WWE: World Wrestling Entertainment, Inc. posted $304.6 million in revenue in Q3, a 19% increase year-over-year.

Closing

Closing

Besides being the first time it will happen in the Middle East, the FIFA World Cup in Qatar is unique in so many ways:

  • It’s the last time the tournament will feature 32 teams, as the next edition has been expanded to a 48-team competition for the 2026 edition in the U.S., Canada, and Mexico.
  • Due to extreme weather temperatures throughout the year in Qatar, this will be the first time the event will happen during the winter, overlapping part of the holiday season.
  • It’s also the first time in history that female referees will officiate matches during the tournament.

Additionally, given that sports betting legislation was in its beginning stages for the 2018 World Cup in Russia, this will be the first time in history that soccer fans can bet legally in 32 states in the U.S. 

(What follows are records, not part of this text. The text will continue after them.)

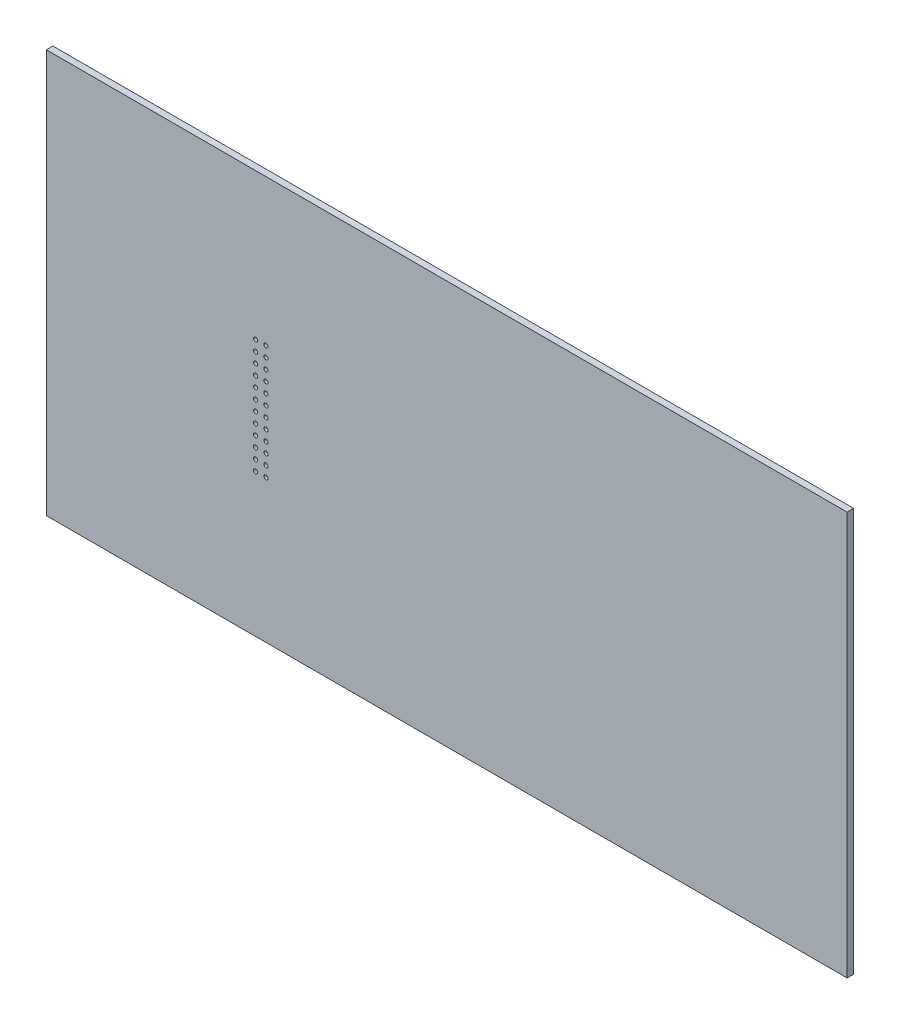
ISO-10303-21;
HEADER;
FILE_DESCRIPTION(('STEP AP214'),'2;1');
FILE_NAME('part.step','',(''),(''),'','','');
FILE_SCHEMA(('AUTOMOTIVE_DESIGN { 1 0 10303 214 1 1 1 1 }'));
ENDSEC;
DATA;
#1=APPLICATION_CONTEXT('core data for automotive mechanical design processes');
#2=APPLICATION_PROTOCOL_DEFINITION('international standard','automotive_design',2000,#1);
#3=PRODUCT_CONTEXT('',#1,'mechanical');
#4=PRODUCT('Part','Part','',(#3));
#5=PRODUCT_RELATED_PRODUCT_CATEGORY('part','',(#4));
#6=PRODUCT_DEFINITION_FORMATION('','',#4);
#7=PRODUCT_DEFINITION_CONTEXT('part definition',#1,'design');
#8=PRODUCT_DEFINITION('design','',#6,#7);
#9=PRODUCT_DEFINITION_SHAPE('','',#8);
#10=(LENGTH_UNIT() NAMED_UNIT(*) SI_UNIT(.MILLI.,.METRE.));
#11=(NAMED_UNIT(*) PLANE_ANGLE_UNIT() SI_UNIT($,.RADIAN.));
#12=(NAMED_UNIT(*) SI_UNIT($,.STERADIAN.) SOLID_ANGLE_UNIT());
#13=UNCERTAINTY_MEASURE_WITH_UNIT(LENGTH_MEASURE(1.E-05),#10,'distance_accuracy_value','');
#14=(GEOMETRIC_REPRESENTATION_CONTEXT(3) GLOBAL_UNCERTAINTY_ASSIGNED_CONTEXT((#13)) GLOBAL_UNIT_ASSIGNED_CONTEXT((#10,
#11,#12)) REPRESENTATION_CONTEXT('',''));
#15=CARTESIAN_POINT('',(0.,0.,0.));
#16=DIRECTION('',(0.,0.,1.));
#17=DIRECTION('',(1.,0.,0.));
#18=AXIS2_PLACEMENT_3D('',#15,#16,#17);
#19=CARTESIAN_POINT('',(0.,0.,1.6));
#20=DIRECTION('',(0.,0.,1.));
#21=DIRECTION('',(1.,0.,0.));
#22=AXIS2_PLACEMENT_3D('',#19,#20,#21);
#23=PLANE('',#22);
#24=CARTESIAN_POINT('',(119.5,-67.81,1.6));
#25=DIRECTION('',(0.,0.,-1.));
#26=DIRECTION('',(-1.,0.,0.));
#27=AXIS2_PLACEMENT_3D('',#24,#25,#26);
#28=CIRCLE('',#27,0.5);
#29=CARTESIAN_POINT('',(119.,-67.81,1.6));
#30=VERTEX_POINT('',#29);
#31=EDGE_CURVE('E151',#30,#30,#28,.T.);
#32=ORIENTED_EDGE('',*,*,#31,.T.);
#33=EDGE_LOOP('',(#32));
#34=FACE_BOUND('',#33,.T.);
#35=CARTESIAN_POINT('',(119.5,-70.35,1.6));
#36=DIRECTION('',(0.,0.,-1.));
#37=DIRECTION('',(-1.,0.,0.));
#38=AXIS2_PLACEMENT_3D('',#35,#36,#37);
#39=CIRCLE('',#38,0.5);
#40=CARTESIAN_POINT('',(119.,-70.35,1.6));
#41=VERTEX_POINT('',#40);
#42=EDGE_CURVE('E154',#41,#41,#39,.T.);
#43=ORIENTED_EDGE('',*,*,#42,.T.);
#44=EDGE_LOOP('',(#43));
#45=FACE_BOUND('',#44,.T.);
#46=CARTESIAN_POINT('',(119.5,-72.89,1.6));
#47=DIRECTION('',(0.,0.,-1.));
#48=DIRECTION('',(-1.,0.,0.));
#49=AXIS2_PLACEMENT_3D('',#46,#47,#48);
#50=CIRCLE('',#49,0.5);
#51=CARTESIAN_POINT('',(119.,-72.89,1.6));
#52=VERTEX_POINT('',#51);
#53=EDGE_CURVE('E157',#52,#52,#50,.T.);
#54=ORIENTED_EDGE('',*,*,#53,.T.);
#55=EDGE_LOOP('',(#54));
#56=FACE_BOUND('',#55,.T.);
#57=CARTESIAN_POINT('',(119.5,-75.43,1.6));
#58=DIRECTION('',(0.,0.,-1.));
#59=DIRECTION('',(-1.,0.,0.));
#60=AXIS2_PLACEMENT_3D('',#57,#58,#59);
#61=CIRCLE('',#60,0.5);
#62=CARTESIAN_POINT('',(119.,-75.43,1.6));
#63=VERTEX_POINT('',#62);
#64=EDGE_CURVE('E160',#63,#63,#61,.T.);
#65=ORIENTED_EDGE('',*,*,#64,.T.);
#66=EDGE_LOOP('',(#65));
#67=FACE_BOUND('',#66,.T.);
#68=CARTESIAN_POINT('',(119.5,-77.97,1.6));
#69=DIRECTION('',(0.,0.,-1.));
#70=DIRECTION('',(-1.,0.,0.));
#71=AXIS2_PLACEMENT_3D('',#68,#69,#70);
#72=CIRCLE('',#71,0.5);
#73=CARTESIAN_POINT('',(119.,-77.97,1.6));
#74=VERTEX_POINT('',#73);
#75=EDGE_CURVE('E163',#74,#74,#72,.T.);
#76=ORIENTED_EDGE('',*,*,#75,.T.);
#77=EDGE_LOOP('',(#76));
#78=FACE_BOUND('',#77,.T.);
#79=CARTESIAN_POINT('',(119.5,-80.51,1.6));
#80=DIRECTION('',(0.,0.,-1.));
#81=DIRECTION('',(-1.,0.,0.));
#82=AXIS2_PLACEMENT_3D('',#79,#80,#81);
#83=CIRCLE('',#82,0.5);
#84=CARTESIAN_POINT('',(119.,-80.51,1.6));
#85=VERTEX_POINT('',#84);
#86=EDGE_CURVE('E166',#85,#85,#83,.T.);
#87=ORIENTED_EDGE('',*,*,#86,.T.);
#88=EDGE_LOOP('',(#87));
#89=FACE_BOUND('',#88,.T.);
#90=CARTESIAN_POINT('',(116.96,-67.81,1.6));
#91=DIRECTION('',(0.,0.,-1.));
#92=DIRECTION('',(-1.,0.,0.));
#93=AXIS2_PLACEMENT_3D('',#90,#91,#92);
#94=CIRCLE('',#93,0.5);
#95=CARTESIAN_POINT('',(116.46,-67.81,1.6));
#96=VERTEX_POINT('',#95);
#97=EDGE_CURVE('E169',#96,#96,#94,.T.);
#98=ORIENTED_EDGE('',*,*,#97,.T.);
#99=EDGE_LOOP('',(#98));
#100=FACE_BOUND('',#99,.T.);
#101=CARTESIAN_POINT('',(116.96,-70.35,1.6));
#102=DIRECTION('',(0.,0.,-1.));
#103=DIRECTION('',(-1.,0.,0.));
#104=AXIS2_PLACEMENT_3D('',#101,#102,#103);
#105=CIRCLE('',#104,0.5);
#106=CARTESIAN_POINT('',(116.46,-70.35,1.6));
#107=VERTEX_POINT('',#106);
#108=EDGE_CURVE('E172',#107,#107,#105,.T.);
#109=ORIENTED_EDGE('',*,*,#108,.T.);
#110=EDGE_LOOP('',(#109));
#111=FACE_BOUND('',#110,.T.);
#112=CARTESIAN_POINT('',(116.96,-72.89,1.6));
#113=DIRECTION('',(0.,0.,-1.));
#114=DIRECTION('',(-1.,0.,0.));
#115=AXIS2_PLACEMENT_3D('',#112,#113,#114);
#116=CIRCLE('',#115,0.5);
#117=CARTESIAN_POINT('',(116.46,-72.89,1.6));
#118=VERTEX_POINT('',#117);
#119=EDGE_CURVE('E175',#118,#118,#116,.T.);
#120=ORIENTED_EDGE('',*,*,#119,.T.);
#121=EDGE_LOOP('',(#120));
#122=FACE_BOUND('',#121,.T.);
#123=CARTESIAN_POINT('',(116.96,-75.43,1.6));
#124=DIRECTION('',(0.,0.,-1.));
#125=DIRECTION('',(-1.,0.,0.));
#126=AXIS2_PLACEMENT_3D('',#123,#124,#125);
#127=CIRCLE('',#126,0.5);
#128=CARTESIAN_POINT('',(116.46,-75.43,1.6));
#129=VERTEX_POINT('',#128);
#130=EDGE_CURVE('E178',#129,#129,#127,.T.);
#131=ORIENTED_EDGE('',*,*,#130,.T.);
#132=EDGE_LOOP('',(#131));
#133=FACE_BOUND('',#132,.T.);
#134=CARTESIAN_POINT('',(116.96,-77.97,1.6));
#135=DIRECTION('',(0.,0.,-1.));
#136=DIRECTION('',(-1.,0.,0.));
#137=AXIS2_PLACEMENT_3D('',#134,#135,#136);
#138=CIRCLE('',#137,0.5);
#139=CARTESIAN_POINT('',(116.46,-77.97,1.6));
#140=VERTEX_POINT('',#139);
#141=EDGE_CURVE('E181',#140,#140,#138,.T.);
#142=ORIENTED_EDGE('',*,*,#141,.T.);
#143=EDGE_LOOP('',(#142));
#144=FACE_BOUND('',#143,.T.);
#145=CARTESIAN_POINT('',(116.96,-80.51,1.6));
#146=DIRECTION('',(0.,0.,-1.));
#147=DIRECTION('',(-1.,0.,0.));
#148=AXIS2_PLACEMENT_3D('',#145,#146,#147);
#149=CIRCLE('',#148,0.5);
#150=CARTESIAN_POINT('',(116.46,-80.51,1.6));
#151=VERTEX_POINT('',#150);
#152=EDGE_CURVE('E184',#151,#151,#149,.T.);
#153=ORIENTED_EDGE('',*,*,#152,.T.);
#154=EDGE_LOOP('',(#153));
#155=FACE_BOUND('',#154,.T.);
#156=CARTESIAN_POINT('',(119.5,-83.05,1.6));
#157=DIRECTION('',(0.,0.,-1.));
#158=DIRECTION('',(-1.,0.,0.));
#159=AXIS2_PLACEMENT_3D('',#156,#157,#158);
#160=CIRCLE('',#159,0.5);
#161=CARTESIAN_POINT('',(119.,-83.05,1.6));
#162=VERTEX_POINT('',#161);
#163=EDGE_CURVE('E187',#162,#162,#160,.T.);
#164=ORIENTED_EDGE('',*,*,#163,.T.);
#165=EDGE_LOOP('',(#164));
#166=FACE_BOUND('',#165,.T.);
#167=CARTESIAN_POINT('',(119.5,-85.59,1.6));
#168=DIRECTION('',(0.,0.,-1.));
#169=DIRECTION('',(-1.,0.,0.));
#170=AXIS2_PLACEMENT_3D('',#167,#168,#169);
#171=CIRCLE('',#170,0.5);
#172=CARTESIAN_POINT('',(119.,-85.59,1.6));
#173=VERTEX_POINT('',#172);
#174=EDGE_CURVE('E190',#173,#173,#171,.T.);
#175=ORIENTED_EDGE('',*,*,#174,.T.);
#176=EDGE_LOOP('',(#175));
#177=FACE_BOUND('',#176,.T.);
#178=CARTESIAN_POINT('',(119.5,-88.13,1.6));
#179=DIRECTION('',(0.,0.,-1.));
#180=DIRECTION('',(-1.,0.,0.));
#181=AXIS2_PLACEMENT_3D('',#178,#179,#180);
#182=CIRCLE('',#181,0.5);
#183=CARTESIAN_POINT('',(119.,-88.13,1.6));
#184=VERTEX_POINT('',#183);
#185=EDGE_CURVE('E193',#184,#184,#182,.T.);
#186=ORIENTED_EDGE('',*,*,#185,.T.);
#187=EDGE_LOOP('',(#186));
#188=FACE_BOUND('',#187,.T.);
#189=CARTESIAN_POINT('',(119.5,-90.67,1.6));
#190=DIRECTION('',(0.,0.,-1.));
#191=DIRECTION('',(-1.,0.,0.));
#192=AXIS2_PLACEMENT_3D('',#189,#190,#191);
#193=CIRCLE('',#192,0.5);
#194=CARTESIAN_POINT('',(119.,-90.67,1.6));
#195=VERTEX_POINT('',#194);
#196=EDGE_CURVE('E196',#195,#195,#193,.T.);
#197=ORIENTED_EDGE('',*,*,#196,.T.);
#198=EDGE_LOOP('',(#197));
#199=FACE_BOUND('',#198,.T.);
#200=CARTESIAN_POINT('',(119.5,-93.21,1.6));
#201=DIRECTION('',(0.,0.,-1.));
#202=DIRECTION('',(-1.,0.,0.));
#203=AXIS2_PLACEMENT_3D('',#200,#201,#202);
#204=CIRCLE('',#203,0.5);
#205=CARTESIAN_POINT('',(119.,-93.21,1.6));
#206=VERTEX_POINT('',#205);
#207=EDGE_CURVE('E199',#206,#206,#204,.T.);
#208=ORIENTED_EDGE('',*,*,#207,.T.);
#209=EDGE_LOOP('',(#208));
#210=FACE_BOUND('',#209,.T.);
#211=CARTESIAN_POINT('',(119.5,-95.75,1.6));
#212=DIRECTION('',(0.,0.,-1.));
#213=DIRECTION('',(-1.,0.,0.));
#214=AXIS2_PLACEMENT_3D('',#211,#212,#213);
#215=CIRCLE('',#214,0.5);
#216=CARTESIAN_POINT('',(119.,-95.75,1.6));
#217=VERTEX_POINT('',#216);
#218=EDGE_CURVE('E202',#217,#217,#215,.T.);
#219=ORIENTED_EDGE('',*,*,#218,.T.);
#220=EDGE_LOOP('',(#219));
#221=FACE_BOUND('',#220,.T.);
#222=CARTESIAN_POINT('',(116.96,-83.05,1.6));
#223=DIRECTION('',(0.,0.,-1.));
#224=DIRECTION('',(-1.,0.,0.));
#225=AXIS2_PLACEMENT_3D('',#222,#223,#224);
#226=CIRCLE('',#225,0.5);
#227=CARTESIAN_POINT('',(116.46,-83.05,1.6));
#228=VERTEX_POINT('',#227);
#229=EDGE_CURVE('E205',#228,#228,#226,.T.);
#230=ORIENTED_EDGE('',*,*,#229,.T.);
#231=EDGE_LOOP('',(#230));
#232=FACE_BOUND('',#231,.T.);
#233=CARTESIAN_POINT('',(116.96,-85.59,1.6));
#234=DIRECTION('',(0.,0.,-1.));
#235=DIRECTION('',(-1.,0.,0.));
#236=AXIS2_PLACEMENT_3D('',#233,#234,#235);
#237=CIRCLE('',#236,0.5);
#238=CARTESIAN_POINT('',(116.46,-85.59,1.6));
#239=VERTEX_POINT('',#238);
#240=EDGE_CURVE('E208',#239,#239,#237,.T.);
#241=ORIENTED_EDGE('',*,*,#240,.T.);
#242=EDGE_LOOP('',(#241));
#243=FACE_BOUND('',#242,.T.);
#244=CARTESIAN_POINT('',(116.96,-88.13,1.6));
#245=DIRECTION('',(0.,0.,-1.));
#246=DIRECTION('',(-1.,0.,0.));
#247=AXIS2_PLACEMENT_3D('',#244,#245,#246);
#248=CIRCLE('',#247,0.5);
#249=CARTESIAN_POINT('',(116.46,-88.13,1.6));
#250=VERTEX_POINT('',#249);
#251=EDGE_CURVE('E211',#250,#250,#248,.T.);
#252=ORIENTED_EDGE('',*,*,#251,.T.);
#253=EDGE_LOOP('',(#252));
#254=FACE_BOUND('',#253,.T.);
#255=CARTESIAN_POINT('',(116.96,-90.67,1.6));
#256=DIRECTION('',(0.,0.,-1.));
#257=DIRECTION('',(-1.,0.,0.));
#258=AXIS2_PLACEMENT_3D('',#255,#256,#257);
#259=CIRCLE('',#258,0.5);
#260=CARTESIAN_POINT('',(116.46,-90.67,1.6));
#261=VERTEX_POINT('',#260);
#262=EDGE_CURVE('E214',#261,#261,#259,.T.);
#263=ORIENTED_EDGE('',*,*,#262,.T.);
#264=EDGE_LOOP('',(#263));
#265=FACE_BOUND('',#264,.T.);
#266=CARTESIAN_POINT('',(116.96,-93.21,1.6));
#267=DIRECTION('',(0.,0.,-1.));
#268=DIRECTION('',(-1.,0.,0.));
#269=AXIS2_PLACEMENT_3D('',#266,#267,#268);
#270=CIRCLE('',#269,0.5);
#271=CARTESIAN_POINT('',(116.46,-93.21,1.6));
#272=VERTEX_POINT('',#271);
#273=EDGE_CURVE('E216',#272,#272,#270,.T.);
#274=ORIENTED_EDGE('',*,*,#273,.T.);
#275=EDGE_LOOP('',(#274));
#276=FACE_BOUND('',#275,.T.);
#277=CARTESIAN_POINT('',(116.96,-95.75,1.6));
#278=DIRECTION('',(0.,0.,-1.));
#279=DIRECTION('',(-1.,0.,0.));
#280=AXIS2_PLACEMENT_3D('',#277,#278,#279);
#281=CIRCLE('',#280,0.5);
#282=CARTESIAN_POINT('',(116.46,-95.75,1.6));
#283=VERTEX_POINT('',#282);
#284=EDGE_CURVE('E19',#283,#283,#281,.T.);
#285=ORIENTED_EDGE('',*,*,#284,.T.);
#286=EDGE_LOOP('',(#285));
#287=FACE_BOUND('',#286,.T.);
#288=DIRECTION('',(1.,0.,0.));
#289=VECTOR('',#288,1.);
#290=CARTESIAN_POINT('',(65.75,-32.,1.6));
#291=LINE('',#290,#289);
#292=CARTESIAN_POINT('',(65.75,-32.,1.6));
#293=VERTEX_POINT('',#292);
#294=CARTESIAN_POINT('',(261.75,-32.,1.6));
#295=VERTEX_POINT('',#294);
#296=EDGE_CURVE('E53',#293,#295,#291,.T.);
#297=ORIENTED_EDGE('',*,*,#296,.F.);
#298=DIRECTION('',(0.,1.,0.));
#299=VECTOR('',#298,1.);
#300=CARTESIAN_POINT('',(65.75,-130.75,1.6));
#301=LINE('',#300,#299);
#302=CARTESIAN_POINT('',(65.75,-130.75,1.6));
#303=VERTEX_POINT('',#302);
#304=EDGE_CURVE('E70',#303,#293,#301,.T.);
#305=ORIENTED_EDGE('',*,*,#304,.F.);
#306=DIRECTION('',(1.,0.,0.));
#307=VECTOR('',#306,1.);
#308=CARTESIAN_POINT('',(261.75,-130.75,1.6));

Due to the size and popularity of the tournament, the World Cup could become a massive catalyst to push the gambling industry into mainstream adoption and attract the casual sports bettor — and it seems like it couldn’t come at a better time.

DraftKings’ stock plunged Friday over 25% after revealing a significant growth slowdown in active users during the last quarter — so the World Cup might be able to help turn things around in a turbulent time for these companies.